Update on “gender identity” litigation in GG v. Gloucester School District

There have been a few developments in the lawsuit filed by Gavin Grimm, a female who recently graduated from high school and who “identifies as a boy.” Grimm filed a lawsuit in July 2015 to force her school district to allow students to choose whether to use the girls’ bathroom or the boys’ bathroom based on the student’s self-declared “gender identity.” WoLF has filed three amicus briefs in Grimm’s case, including two before the U.S. Supreme Court and one before the 4th Circuit Court of Appeals, setting out the radical feminist analysis of sex and gender and defending the rights of women and girls to preserve sex-segregated spaces under Title IX. (See here, here, and here.)
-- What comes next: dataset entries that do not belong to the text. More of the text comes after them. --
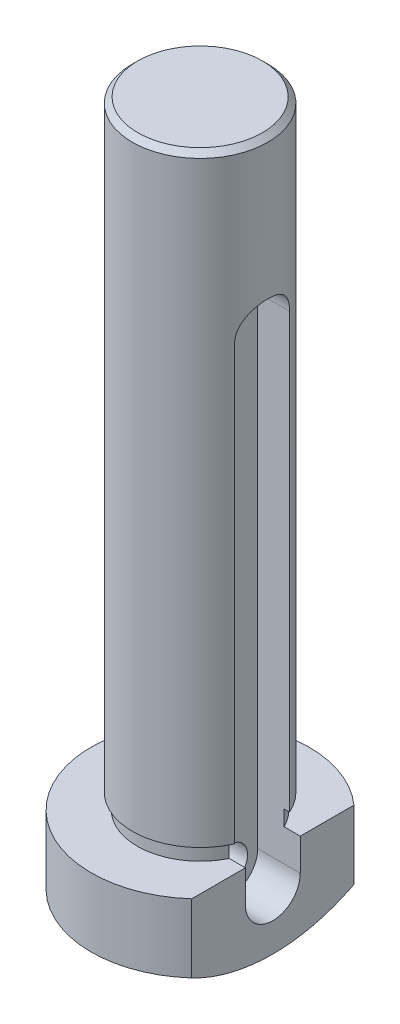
ISO-10303-21;
HEADER;
FILE_DESCRIPTION(('STEP AP214'),'2;1');
FILE_NAME('part.step','',(''),(''),'','','');
FILE_SCHEMA(('AUTOMOTIVE_DESIGN { 1 0 10303 214 1 1 1 1 }'));
ENDSEC;
DATA;
#1=APPLICATION_CONTEXT('core data for automotive mechanical design processes');
#2=APPLICATION_PROTOCOL_DEFINITION('international standard','automotive_design',2000,#1);
#3=PRODUCT_CONTEXT('',#1,'mechanical');
#4=PRODUCT('Part','Part','',(#3));
#5=PRODUCT_RELATED_PRODUCT_CATEGORY('part','',(#4));
#6=PRODUCT_DEFINITION_FORMATION('','',#4);
#7=PRODUCT_DEFINITION_CONTEXT('part definition',#1,'design');
#8=PRODUCT_DEFINITION('design','',#6,#7);
#9=PRODUCT_DEFINITION_SHAPE('','',#8);
#10=(LENGTH_UNIT() NAMED_UNIT(*) SI_UNIT(.MILLI.,.METRE.));
#11=(NAMED_UNIT(*) PLANE_ANGLE_UNIT() SI_UNIT($,.RADIAN.));
#12=(NAMED_UNIT(*) SI_UNIT($,.STERADIAN.) SOLID_ANGLE_UNIT());
#13=UNCERTAINTY_MEASURE_WITH_UNIT(LENGTH_MEASURE(1.E-05),#10,'distance_accuracy_value','');
#14=(GEOMETRIC_REPRESENTATION_CONTEXT(3) GLOBAL_UNCERTAINTY_ASSIGNED_CONTEXT((#13)) GLOBAL_UNIT_ASSIGNED_CONTEXT((#10,
#11,#12)) REPRESENTATION_CONTEXT('',''));
#15=CARTESIAN_POINT('',(0.,0.,0.));
#16=DIRECTION('',(0.,0.,1.));
#17=DIRECTION('',(1.,0.,0.));
#18=AXIS2_PLACEMENT_3D('',#15,#16,#17);
#19=CARTESIAN_POINT('',(0.,0.,0.));
#20=DIRECTION('',(0.,1.,0.));
#21=DIRECTION('',(0.,0.,1.));
#22=AXIS2_PLACEMENT_3D('',#19,#20,#21);
#23=CYLINDRICAL_SURFACE('',#22,5.0419);
#24=CARTESIAN_POINT('',(0.,1.5875,0.));
#25=DIRECTION('',(0.,1.,0.));
#26=DIRECTION('',(0.,0.,1.));
#27=AXIS2_PLACEMENT_3D('',#24,#25,#26);
#28=CIRCLE('',#27,5.0419);
#29=CARTESIAN_POINT('',(3.3655,1.5875,-3.75421967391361));
#30=VERTEX_POINT('',#29);
#31=CARTESIAN_POINT('',(3.3655,1.5875,3.75421967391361));
#32=VERTEX_POINT('',#31);
#33=EDGE_CURVE('E163',#30,#32,#28,.T.);
#34=ORIENTED_EDGE('',*,*,#33,.T.);
#35=DIRECTION('',(0.,1.,0.));
#36=VECTOR('',#35,1.);
#37=CARTESIAN_POINT('',(3.3655,0.,3.75421967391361));
#38=LINE('',#37,#36);
#39=CARTESIAN_POINT('',(3.3655,4.7625,3.75421967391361));
#40=VERTEX_POINT('',#39);
#41=EDGE_CURVE('E233',#32,#40,#38,.T.);
#42=ORIENTED_EDGE('',*,*,#41,.T.);
#43=CARTESIAN_POINT('',(0.,4.7625,0.));
#44=DIRECTION('',(0.,1.,0.));
#45=DIRECTION('',(0.,0.,1.));
#46=AXIS2_PLACEMENT_3D('',#43,#44,#45);
#47=CIRCLE('',#46,5.0419);
#48=CARTESIAN_POINT('',(3.3655,4.7625,-3.75421967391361));
#49=VERTEX_POINT('',#48);
#50=EDGE_CURVE('E160',#49,#40,#47,.T.);
#51=ORIENTED_EDGE('',*,*,#50,.F.);
#52=DIRECTION('',(0.,1.,0.));
#53=VECTOR('',#52,1.);
#54=CARTESIAN_POINT('',(3.3655,0.,-3.75421967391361));
#55=LINE('',#54,#53);
#56=EDGE_CURVE('E247',#49,#30,#55,.F.);
#57=ORIENTED_EDGE('',*,*,#56,.T.);
#58=EDGE_LOOP('',(#34,#42,#51,#57));
#59=FACE_BOUND('',#58,.T.);
#60=ADVANCED_FACE('F35',(#59),#23,.T.);
#61=CARTESIAN_POINT('',(5.0419,4.7625,0.));
#62=DIRECTION('',(0.,-1.,0.));
#63=DIRECTION('',(0.,0.,-1.));
#64=AXIS2_PLACEMENT_3D('',#61,#62,#63);
#65=PLANE('',#64);
#66=ORIENTED_EDGE('',*,*,#50,.T.);
#67=DIRECTION('',(0.,0.,-1.));
#68=VECTOR('',#67,1.);
#69=CARTESIAN_POINT('',(3.3655,4.7625,0.));
#70=LINE('',#69,#68);
#71=CARTESIAN_POINT('',(3.3655,4.7625,1.27));
#72=VERTEX_POINT('',#71);
#73=EDGE_CURVE('E238',#40,#72,#70,.T.);
#74=ORIENTED_EDGE('',*,*,#73,.T.);
#75=DIRECTION('',(1.,0.,0.));
#76=VECTOR('',#75,1.);
#77=CARTESIAN_POINT('',(5.0419,4.7625,1.27));
#78=LINE('',#77,#76);
#79=CARTESIAN_POINT('',(2.6163541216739,4.7625,1.27));
#80=VERTEX_POINT('',#79);
#81=EDGE_CURVE('E148',#80,#72,#78,.T.);
#82=ORIENTED_EDGE('',*,*,#81,.F.);
#83=CARTESIAN_POINT('',(0.,4.7625,0.));
#84=DIRECTION('',(0.,1.,0.));
#85=DIRECTION('',(0.,0.,1.));
#86=AXIS2_PLACEMENT_3D('',#83,#84,#85);
#87=CIRCLE('',#86,2.9083);
#88=CARTESIAN_POINT('',(2.6163541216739,4.7625,-1.27));
#89=VERTEX_POINT('',#88);
#90=EDGE_CURVE('E157',#89,#80,#87,.T.);
#91=ORIENTED_EDGE('',*,*,#90,.F.);
#92=DIRECTION('',(-1.,0.,0.));
#93=VECTOR('',#92,1.);
#94=CARTESIAN_POINT('',(5.0419,4.7625,-1.27));
#95=LINE('',#94,#93);
#96=CARTESIAN_POINT('',(3.3655,4.7625,-1.27));
#97=VERTEX_POINT('',#96);
#98=EDGE_CURVE('E142',#97,#89,#95,.T.);
#99=ORIENTED_EDGE('',*,*,#98,.F.);
#100=EDGE_CURVE('E50',#97,#49,#70,.T.);
#101=ORIENTED_EDGE('',*,*,#100,.T.);
#102=EDGE_LOOP('',(#66,#74,#82,#91,#99,#101));
#103=FACE_BOUND('',#102,.T.);
#104=ADVANCED_FACE('F197',(#103),#65,.F.);
#105=CARTESIAN_POINT('',(0.,0.,0.));
#106=DIRECTION('',(0.,1.,0.));
#107=DIRECTION('',(0.,0.,1.));
#108=AXIS2_PLACEMENT_3D('',#105,#106,#107);
#109=CYLINDRICAL_SURFACE('',#108,2.9083);
#110=DIRECTION('',(0.,1.,0.));
#111=VECTOR('',#110,1.);
#112=CARTESIAN_POINT('',(2.6163541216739,0.,1.27));
#113=LINE('',#112,#111);
#114=CARTESIAN_POINT('',(2.6163541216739,5.4737,1.27));
#115=VERTEX_POINT('',#114);
#116=EDGE_CURVE('E146',#115,#80,#113,.F.);
#117=ORIENTED_EDGE('',*,*,#116,.F.);
#118=CARTESIAN_POINT('',(0.,5.4737,0.));
#119=DIRECTION('',(0.,1.,0.));
#120=DIRECTION('',(0.,0.,1.));
#121=AXIS2_PLACEMENT_3D('',#118,#119,#120);
#122=CIRCLE('',#121,2.9083);
#123=CARTESIAN_POINT('',(2.6163541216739,5.4737,-1.27));
#124=VERTEX_POINT('',#123);
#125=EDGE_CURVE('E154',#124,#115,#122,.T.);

After we filed our briefs in the Supreme Court, the Trump administration issued a policy letter  withdrawing the Obama administration’s policy that was highly favorable to Grimm’s case. Whereas the Obama policy declared that “sex” under Title IX can be superseded by a person’s self-declared “gender identity” — allowing any boy or man in a school or university setting to access spaces, programs, and funding designated for women and girls — Trump’s policy restores the plain meaning of “sex” under Title IX. After the Obama policy was retracted, the Supreme Court sent the case back to the 4th Circuit to reassess Grimm’s arguments.

But Grimm has now graduated, and that raises questions about whether Grimm still has a case to press. In light of these new questions, the Fourth Circuit sent the matter back to the District Court on August 2, to give Grimm and the school district a chance to provide more evidence and arguments about whether Grimm still has a viable case.

On Friday, August 11, Grimm filed an amended complaint, dropping her request for a preliminary injunction but continuing to push for 1) a legal declaration of her rights under Title IX and the 14th Amendment of the Constitution, 2) monetary damages against the school as well as reimbursement of her legal fees, and 3) a permanent injunction that would compel the school to allow Grimm and any other alumni of the school to allow cross-sex access to bathrooms based on self-declared “gender identity.” Grimm will have to prove not only that she has a continuing connection to the high school but also that the school board’s policy on bathrooms even applies to alumni — both claims the school district disputes.

Given that this case is a big priority for the ACLU and other NGOs pushing “gender identity” ideology, there’s a good chance the case will go up on appeal once more. WoLF will continue to watch this case closely and evaluate our future options for presenting keeping the radical feminist perspective in the legal debate.